A comparison of letrozole and tamoxifen in postmenopausal women with early breast cancer

Publikation

A comparison of letrozole and tamoxifen in postmenopausal women with early breast cancer

Wissenschaftlicher Artikel/Review - 29.12.2005

Breast International Group (BIG) 1-98 Collaborative Group, Price Karen N, Wardly Andrew, Wardley Andrew, Smith Ian, Rabaglio Manuela, Gelber Richard D, Castiglione-Gertsch Monica, Paridaens Robert, Forbes John F, Mauriac Louis, Mouridsen Henning, Coates Alan S, Keshaviah Aparna, Thürlimann Beat, Goldhirsch Aron

Zitation

Breast International Group (BIG) 1-98 Collaborative Group, Price K, Wardly A, Wardley A, Smith I, Rabaglio M, Gelber R, Castiglione-Gertsch M, Paridaens R, Forbes J, Mauriac L, Mouridsen H, Coates A, Keshaviah A, Thürlimann B, Goldhirsch A. A comparison of letrozole and tamoxifen in postmenopausal women with early breast cancer. NEJM 2005; 353:2747-57.

Art

Wissenschaftlicher Artikel/Review (Englisch)

Zeitschrift

NEJM 2005; 353

Veröffentlichungsdatum

29.12.2005

eISSN (Online)

1533-4406

Seiten

2747-57

Kurzbeschreibung/Zielsetzung

BACKGROUND: The aromatase inhibitor letrozole is a more effective treatment for metastatic breast cancer and more effective in the neoadjuvant setting than tamoxifen. We compared letrozole with tamoxifen as adjuvant treatment for steroid-hormone-receptor-positive breast cancer in postmenopausal women. METHODS: The Breast International Group (BIG) 1-98 study is a randomized, phase 3, double-blind trial that compared five years of treatment with various adjuvant endocrine therapy regimens in postmenopausal women with hormone-receptor-positive breast cancer: letrozole, letrozole followed by tamoxifen, tamoxifen, and tamoxifen followed by letrozole. This analysis compares the two groups assigned to receive letrozole initially with the two groups assigned to receive tamoxifen initially; events and follow-up in the sequential-treatment groups were included up to the time that treatments were switched. RESULTS: A total of 8010 women with data that could be assessed were enrolled, 4003 in the letrozole group and 4007 in the tamoxifen group. After a median follow-up of 25.8 months, 351 events had occurred in the letrozole group and 428 events in the tamoxifen group, with five-year disease-free survival estimates of 84.0 percent and 81.4 percent, respectively.
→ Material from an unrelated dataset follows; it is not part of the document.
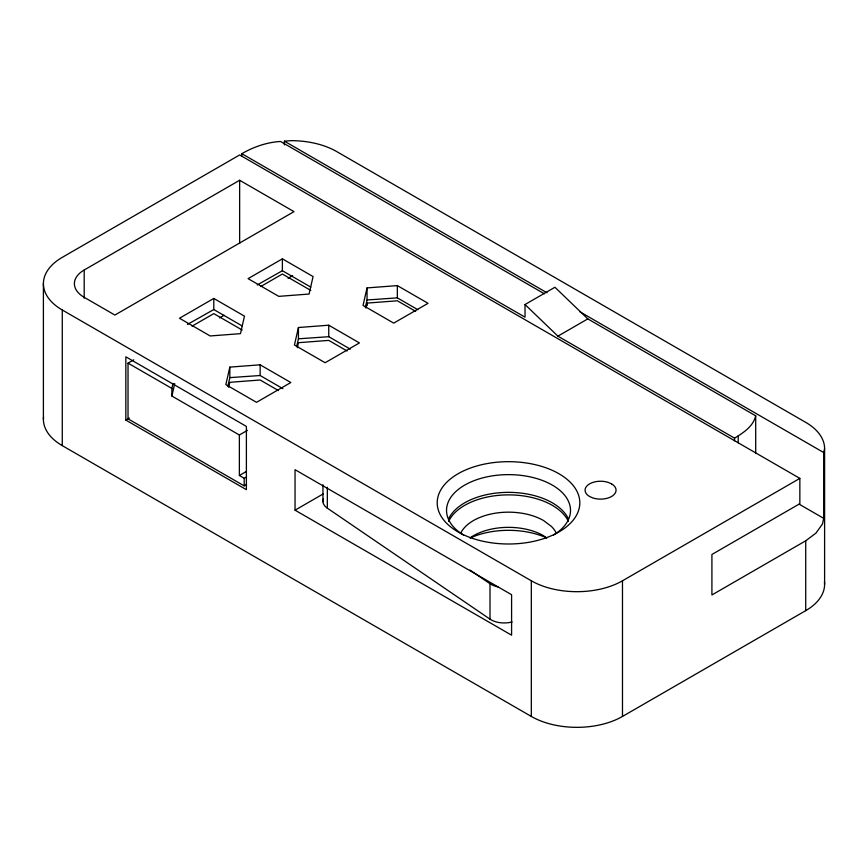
<?xml version="1.0" encoding="UTF-8"?>
<svg xmlns="http://www.w3.org/2000/svg" width="868" height="868" viewBox="0 0 868 868"><rect width="100%" height="100%" fill="white"/><g stroke="black" fill="none" stroke-linecap="round" stroke-linejoin="round"><path stroke-width="1.3" d="M755.702 415.815C753.294 426.34 743.279 432.882 734.545 438.145L557.896 336.155L525.021 304.527L554.934 287.254L587.81 318.892L755.702 415.815L755.702 453.508M824.459 581.907A64.471 37.226 0 0 1 805.721 610.649L622.486 716.436A64.471 37.226 0 0 1 531.314 716.436L62.279 445.642L62.279 309.995A64.471 37.226 0 0 1 62.279 257.351L239.644 154.949L799.851 478.387L799.851 503.69L711.912 554.468L711.912 594.96L805.721 540.797L815.963 533.093L822.408 524.109L823.721 518.359L823.721 452.553L824.6 448.68A64.471 37.226 0 0 0 805.721 422.358L336.686 151.564A64.471 37.226 0 0 0 291.095 140.659L284.389 141.169L284.389 144.967M247.38 430.387L239.373 435.009L171.875 396.036L171.875 388.441L173.014 383.45M171.875 396.036L174.728 383.548M229.836 367.121L225.843 384.622L256.527 402.329L290.823 382.528L260.14 364.81L229.836 367.121L229.836 377.634L227.839 386.282M228.696 387.302L229.836 382.311L260.14 380L278.465 390.578M298.44 327.518L294.436 345.008L325.131 362.726L359.428 342.925L328.744 325.207L298.44 327.518L298.44 338.813L296.726 346.224M297.301 347.699L298.44 342.697L328.744 340.397L347.07 350.976M367.045 287.916L363.041 305.406L393.725 323.124L428.032 303.312L397.349 285.605L367.045 287.916L367.045 299.981L365.33 307.391M365.895 308.097L367.045 303.095L397.349 300.784L415.674 311.362M241.836 156.218L241.836 153.69C253.619 146.866 266.877 142.265 280.516 141.473L544.388 293.807M84.196 270.002L239.644 180.262L294.002 211.64L114.88 315.051L84.196 297.333A33.472 19.324 0 0 1 84.196 270.002L84.196 298.201M213.788 298.44L179.481 318.252L210.164 335.959L240.469 333.659L244.472 316.158L213.788 298.44L213.788 309.54L242.194 325.945M282.382 258.838L248.085 278.639L278.769 296.357L309.073 294.046L313.077 276.556L282.382 258.838L282.382 270.718L310.798 287.113M246.545 484.528L244.201 485.885L128.03 418.821L128.03 363.139L133.748 359.84M192.067 326.173L213.788 313.63L242.194 330.035M260.66 286.57L282.382 274.028L310.798 290.422M219.506 317.927L224.074 315.279M288.1 278.313L292.679 275.677M125.838 420.079L246.393 489.682L246.393 426.405L125.838 356.813L125.838 420.079L129.365 418.05M239.373 435.009L239.373 475.501L246.414 471.443M239.373 475.501L244.201 478.29L246.545 476.933M557.896 336.155L587.81 318.892M295.044 510.178L511.588 635.192L511.588 594.699L295.044 469.686L295.044 510.178L323.113 493.968M62.279 309.995L531.314 580.779A64.471 37.226 0 0 0 622.486 580.779L799.851 478.387M187.488 324.426L213.788 309.54M257.232 284.954L282.382 270.718M367.045 299.981L397.349 297.865L417.801 309.681M298.44 338.813L328.744 336.697L350.336 349.164M229.836 377.634L260.14 375.519L282.87 388.647M284.389 141.169L547.014 292.798M579.846 311.753L823.721 452.553M241.836 153.69L525.021 317.178L525.021 304.527M799.146 504.167L823.721 518.359M128.03 363.139L171.875 388.441M469.946 570.059L490.008 583.73A18.597 10.742 0 0 0 497.917 586.898M323.352 498.959A18.597 10.742 0 0 0 327.334 508.171L490.008 619.155A18.597 10.742 0 0 0 512.131 621.933M546.439 537.889L543.585 535.74A49.595 28.633 0 0 0 470.185 537.813M824.6 448.68L824.6 584.327M805.721 540.797L805.721 610.649M738.212 436.029L738.212 442.756M734.545 438.145L734.545 440.792M622.486 580.779L622.486 716.436M531.314 580.779L531.314 716.436M490.008 583.73L490.008 619.155M397.349 285.605L397.349 297.865M367.045 303.095L367.045 305.623M328.744 325.207L328.744 336.697M327.334 487.23L327.334 508.171M322.95 484.735L322.95 501.747M260.14 364.81L260.14 375.519M244.201 478.29L244.201 485.885M239.644 180.262L239.644 243.376M43.4 283.673L43.4 419.32M448.637 518.88A61.986 35.794 0 0 1 508.518 492.351A61.986 35.794 0 0 1 568.399 518.88M463.566 535.068A61.986 35.794 0 0 1 465.064 484.897A61.986 35.794 0 0 1 551.972 484.897A61.986 35.794 0 0 1 553.48 535.068M62.279 445.642A64.471 37.226 0 0 1 43.541 416.9M470.196 537.976A61.986 35.794 0 0 1 546.84 537.976M448.637 521.408A61.986 35.794 0 0 1 508.518 494.879A61.986 35.794 0 0 1 568.399 521.408M460.615 533.386A49.595 28.633 0 0 1 543.585 520.55L551.473 526.485A49.595 28.633 0 0 1 556.421 533.386M611.528 483.856L608.316 482.434A15.494 8.951 0 0 0 588.276 484.735A15.494 8.951 0 0 0 589.611 496.507L592.822 497.928A15.494 8.951 0 0 0 612.862 495.628A15.494 8.951 0 0 0 611.528 483.856M472.876 538.486A71.295 41.154 0 0 0 579.813 502.832A71.295 41.154 0 0 0 472.876 467.19A71.295 41.154 0 0 0 472.876 538.486"/></g></svg>

As compared with tamoxifen, letrozole significantly reduced the risk of an event ending a period of disease-free survival (hazard ratio, 0.81; 95 percent confidence interval, 0.70 to 0.93; P=0.003), especially the risk of distant recurrence (hazard ratio, 0.73; 95 percent confidence interval, 0.60 to 0.88; P=0.001). Thromboembolism, endometrial cancer, and vaginal bleeding were more common in the tamoxifen group. Women given letrozole had a higher incidence of skeletal and cardiac events and of hypercholesterolemia. CONCLUSIONS: In postmenopausal women with endocrine-responsive breast cancer, adjuvant treatment with letrozole, as compared with tamoxifen, reduced the risk of recurrent disease, especially at distant sites. (ClinicalTrials.gov number, NCT00004205.)